# VWoA Came Through for Us



## Ondaora20 (Apr 19, 2010)

Wednesday was a very fine day for me. I turned back to VW my mechanically challenged 2009 Antigua Blue SEL Premium, and picked up my 2011 Deep Claret Red SEL Premium. All I can say is...WOW. What a difference!

I only got to drive it the 30 or so miles back home from the dealership (my wife has commandeered the car since then), but I was immediately impressed with how strong, smooth and refined the drivetrain was vs. the coarseness of the '09. And the difference in the suspension is night and day. The '09 wallowed like a pig....my 2003 Chrysler T&C AWD handles like a race car compared to it. But the '11's suspension is taut and crisp. Amazing handling for a van. There's no question in my mind that the car has had some major improvements done to it over the last few model years. 

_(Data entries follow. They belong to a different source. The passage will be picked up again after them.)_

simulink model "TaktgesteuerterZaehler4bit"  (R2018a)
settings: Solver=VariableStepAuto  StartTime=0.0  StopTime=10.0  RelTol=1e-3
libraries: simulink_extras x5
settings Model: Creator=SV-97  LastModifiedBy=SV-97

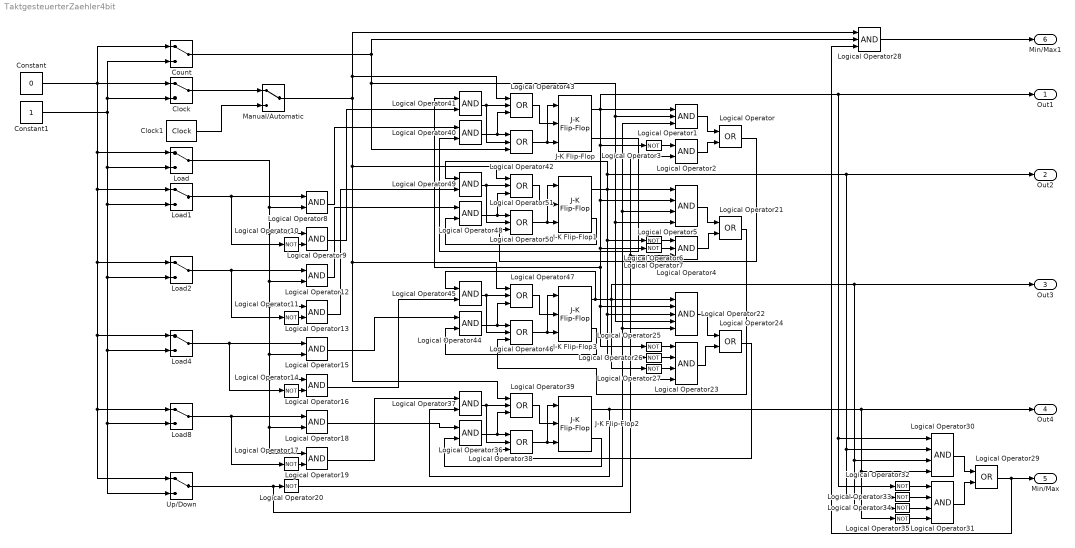
== system TaktgesteuerterZaehler4bit ==
  Clock : ManualSwitch
  Clock1 : simulink_extras/Flip Flops/Clock  period=5
  Constant : Constant  Value=0
  Constant1 : Constant
  Count : ManualSwitch
  J-K Flip-Flop{,1..3} (4 alike) : simulink_extras/Flip Flops/J-K Flip-Flop  initial_condition=0
      settings: SourceProductName=Simulink
  Load{,1..2,4,8} (5 alike) : ManualSwitch
  Logical Operator{,21,24,29} (4 alike) : Logic  Operator=OR  AllPortsSameDT=off  OutDataTypeStr=boolean
  Logical Operator1 : Logic  Inputs=3  AllPortsSameDT=off  OutDataTypeStr=boolean
  Logical Operator{3,6..7,10..11,14,17,20,25..27,32..35} (15 alike) : Logic  Operator=NOT  AllPortsSameDT=off  OutDataTypeStr=boolean
  Logical Operator{2,8..9,12..13,15..16,18..19,36..37,40..41,44..45,48..49} (17 alike) : Logic  AllPortsSameDT=off  OutDataTypeStr=boolean
  Logical Operator22 : Logic  Inputs=5  AllPortsSameDT=off  OutDataTypeStr=boolean
  Logical Operator{5,23,30..31} (4 alike) : Logic  Inputs=4  AllPortsSameDT=off  OutDataTypeStr=boolean
  Logical Operator28 : Logic  Inputs=3  AllPortsSameDT=off  OutDataTypeStr=boolean
  Logical Operator{38..39,42..43,46..47,50..51} (8 alike) : Logic  Operator=OR  Inputs=3  AllPortsSameDT=off  OutDataTypeStr=boolean
  Logical Operator4 : Logic  Inputs=3  AllPortsSameDT=off  OutDataTypeStr=boolean
  Manual/Automatic : ManualSwitch
  Up/Down : ManualSwitch
  Out1 : Outport
  Out2 : Outport  Port=2
  Out3 : Outport  Port=3
  Out4 : Outport  Port=4
  Min/Max : Outport  Port=5
  Min/Max1 : Outport  Port=6
  wires:
  Count/1 -> Logical Operator22/4, Logical Operator5/4, Logical Operator1/2, Logical Operator42/3, Logical Operator28/2
  Manual/Automatic/1 -> Logical Operator51/1, Logical Operator47/1, Logical Operator39/1, Logical Operator43/1, Logical Operator28/1
  Logical Operator1/1 -> Logical Operator/1
  Logical Operator2/1 -> Logical Operator/2
  Logical Operator3/1 -> Logical Operator2/1
  J-K Flip-Flop/1 -> Logical Operator41/1, Logical Operator25/1, Logical Operator22/2, Logical Operator7/1, Logical Operator5/2, Logical Operator3/1, Out1/1, Logical Operator30/1, Logical Operator32/1, Logical Operator1/1
  Logical Operator6/1 -> Logical Operator4/1
  Logical Operator7/1 -> Logical Operator4/2
  J-K Flip-Flop1/1 -> Logical Operator49/1, Logical Operator33/1, Logical Operator30/2, Out2/1, Logical Operator5/1, Logical Operator26/1, Logical Operator22/3, Logical Operator6/1
  Logical Operator10/1 -> Logical Operator9/2
  Logical Operator11/1 -> Logical Operator13/2
  Logical Operator14/1 -> Logical Operator16/2
  Logical Operator17/1 -> Logical Operator19/2
  Load/1 -> Logical Operator19/1, Logical Operator18/2, Logical Operator16/1, Logical Operator15/2, Logical Operator13/1, Logical Operator12/2, Logical Operator9/1, Logical Operator8/2
  Load1/1 -> Logical Operator10/1, Logical Operator8/1
  Load2/1 -> Logical Operator11/1, Logical Operator12/1
  Load4/1 -> Logical Operator14/1, Logical Operator15/1
  Load8/1 -> Logical Operator17/1, Logical Operator18/1
  Up/Down/1 -> Logical Operator2/2, Logical Operator4/3, Logical Operator23/4, Logical Operator20/1
  Logical Operator5/1 -> Logical Operator21/1
  Logical Operator4/1 -> Logical Operator21/2
  Logical Operator20/1 -> Logical Operator1/3, Logical Operator5/3, Logical Operator22/5
  Logical Operator22/1 -> Logical Operator24/1
  Logical Operator23/1 -> Logical Operator24/2
  J-K Flip-Flop3/1 -> Logical Operator45/1, Logical Operator27/1, Out3/1, Logical Operator34/1, Logical Operator30/3, Logical Operator22/1
  Logical Operator25/1 -> Logical Operator23/1
  Logical Operator26/1 -> Logical Operator23/2
  Logical Operator27/1 -> Logical Operator23/3
  J-K Flip-Flop2/1 -> Logical Operator37/2, Logical Operator35/1, Logical Operator30/4, Out4/1
  Logical Operator34/1 -> Logical Operator31/3
  Logical Operator32/1 -> Logical Operator31/1
  Logical Operator33/1 -> Logical Operator31/2
  Logical Operator35/1 -> Logical Operator31/4
  Logical Operator31/1 -> Logical Operator29/2
  Logical Operator30/1 -> Logical Operator29/1
  Logical Operator29/1 -> Logical Operator28/3, Min/Max/1
  Logical Operator28/1 -> Min/Max1/1
  Logical Operator36/1 -> Logical Operator39/3, Logical Operator38/1
  Logical Operator39/1 -> J-K Flip-Flop2/2
  Logical Operator38/1 -> J-K Flip-Flop2/1, J-K Flip-Flop2/3
  J-K Flip-Flop2/2 -> Logical Operator36/2
  Logical Operator24/1 -> Logical Operator38/3
  Logical Operator18/1 -> Logical Operator36/1
  Logical Operator37/1 -> Logical Operator38/2, Logical Operator39/2
  Logical Operator19/1 -> Logical Operator37/1
  Logical Operator43/1 -> J-K Flip-Flop/2
  Logical Operator41/1 -> Logical Operator42/2, Logical Operator43/2
  Logical Operator42/1 -> J-K Flip-Flop/1, J-K Flip-Flop/3
  Logical Operator40/1 -> Logical Operator43/3, Logical Operator42/1
  Logical Operator46/1 -> J-K Flip-Flop3/1, J-K Flip-Flop3/3
  Logical Operator44/1 -> Logical Operator47/3, Logical Operator46/1
  Logical Operator45/1 -> Logical Operator46/2, Logical Operator47/2
  Logical Operator47/1 -> J-K Flip-Flop3/2
  Logical Operator50/1 -> J-K Flip-Flop1/3, J-K Flip-Flop1/1
  Logical Operator48/1 -> Logical Operator51/3, Logical Operator50/1
  Logical Operator49/1 -> Logical Operator50/2, Logical Operator51/2
  Logical Operator51/1 -> J-K Flip-Flop1/2
  J-K Flip-Flop3/2 -> Logical Operator44/2
  Logical Operator21/1 -> Logical Operator46/3
  Logical Operator16/1 -> Logical Operator45/2
  Logical Operator15/1 -> Logical Operator44/1
  Logical Operator/1 -> Logical Operator50/3
  Logical Operator13/1 -> Logical Operator49/2
  Logical Operator12/1 -> Logical Operator48/1
  J-K Flip-Flop1/2 -> Logical Operator48/2
  J-K Flip-Flop/2 -> Logical Operator40/2
  Logical Operator9/1 -> Logical Operator41/2
  Logical Operator8/1 -> Logical Operator40/1
  Constant/1 -> Clock/1, Up/Down/1, Load8/1, Load4/1, Load2/1, Load1/1, Load/1, Count/1
  Constant1/1 -> Up/Down/2, Load8/2, Load4/2, Load2/2, Load1/2, Load/2, Clock/2, Count/2
  Clock/1 -> Manual/Automatic/1
  Clock1/1 -> Manual/Automatic/2
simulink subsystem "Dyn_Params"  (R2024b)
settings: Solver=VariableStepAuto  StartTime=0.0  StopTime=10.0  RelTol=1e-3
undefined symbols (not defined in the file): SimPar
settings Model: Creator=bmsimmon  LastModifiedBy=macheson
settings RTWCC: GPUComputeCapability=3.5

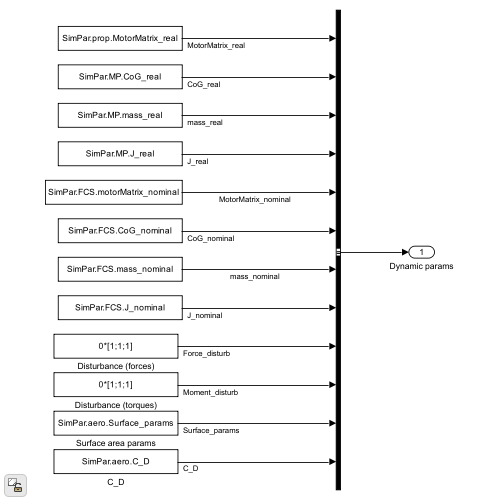
[thumbnail: Simulink's stored preview of the top-level diagram]
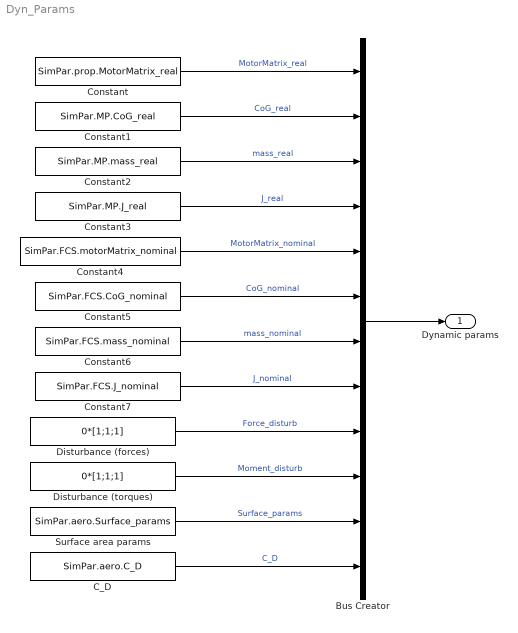
== system Dyn_Params ==
  Bus Creator : BusCreator  Inputs=12
  C_D : Constant  Value=SimPar.aero.C_D
  Constant : Constant  Value=SimPar.prop.MotorMatrix_real
  Constant1 : Constant  Value=SimPar.MP.CoG_real
  Constant2 : Constant  Value=SimPar.MP.mass_real
  Constant3 : Constant  Value=SimPar.MP.J_real
  Constant4 : Constant  Value=SimPar.FCS.motorMatrix_nominal
  Constant5 : Constant  Value=SimPar.FCS.CoG_nominal
  Constant6 : Constant  Value=SimPar.FCS.mass_nominal
  Constant7 : Constant  Value=SimPar.FCS.J_nominal
  Disturbance (forces) : Constant  Value=0*[1;1;1]
  Disturbance (torques) : Constant  Value=0*[1;1;1]
  Surface area params : Constant  Value=SimPar.aero.Surface_params
  Dynamic params : Outport  VectorParamsAs1DForOutWhenUnconnected=off
  wires:
  Bus Creator/1 -> Dynamic params/1
  Constant/1 -> Bus Creator/1  "MotorMatrix_real"
  Constant1/1 -> Bus Creator/2  "CoG_real"
  Constant3/1 -> Bus Creator/4  "J_real"
  Surface area params/1 -> Bus Creator/11  "Surface_params"
  Disturbance (forces)/1 -> Bus Creator/9  "Force_disturb"
  Constant4/1 -> Bus Creator/5  "MotorMatrix_nominal"
  Constant5/1 -> Bus Creator/6  "CoG_nominal"
  Constant6/1 -> Bus Creator/7  "mass_nominal"
  Constant7/1 -> Bus Creator/8  "J_nominal"
  Disturbance (torques)/1 -> Bus Creator/10  "Moment_disturb"
  Constant2/1 -> Bus Creator/3  "mass_real"
  C_D/1 -> Bus Creator/12  "C_D"

If there are shortcomings, they are minor. The Premium comes with a fake wood trim on the dash instead of the aluminum trim. The brown color of the wood looks nice in the beige interior, but not the gray one. Dodge's R/T 'manvan' has a black/grey wood trim installed on it, and that is the color VW should have used in the gray interior's trim. I would have preferred the aluminum look overall though. And the updated gauges Chrysler installed on their '11 vans should have carried over to the Routan. The only other issue is with the foglights. Chrysler has installed some kind of newfangled bulb that uses a lot less energy and will last up to 8,000 hours supposedly. But it's light output is anemic; and because of the new wiring that went with this bulb, you can't simply replace the bulb with a brighter one. So the foglights aren't as useful as they were on the '09.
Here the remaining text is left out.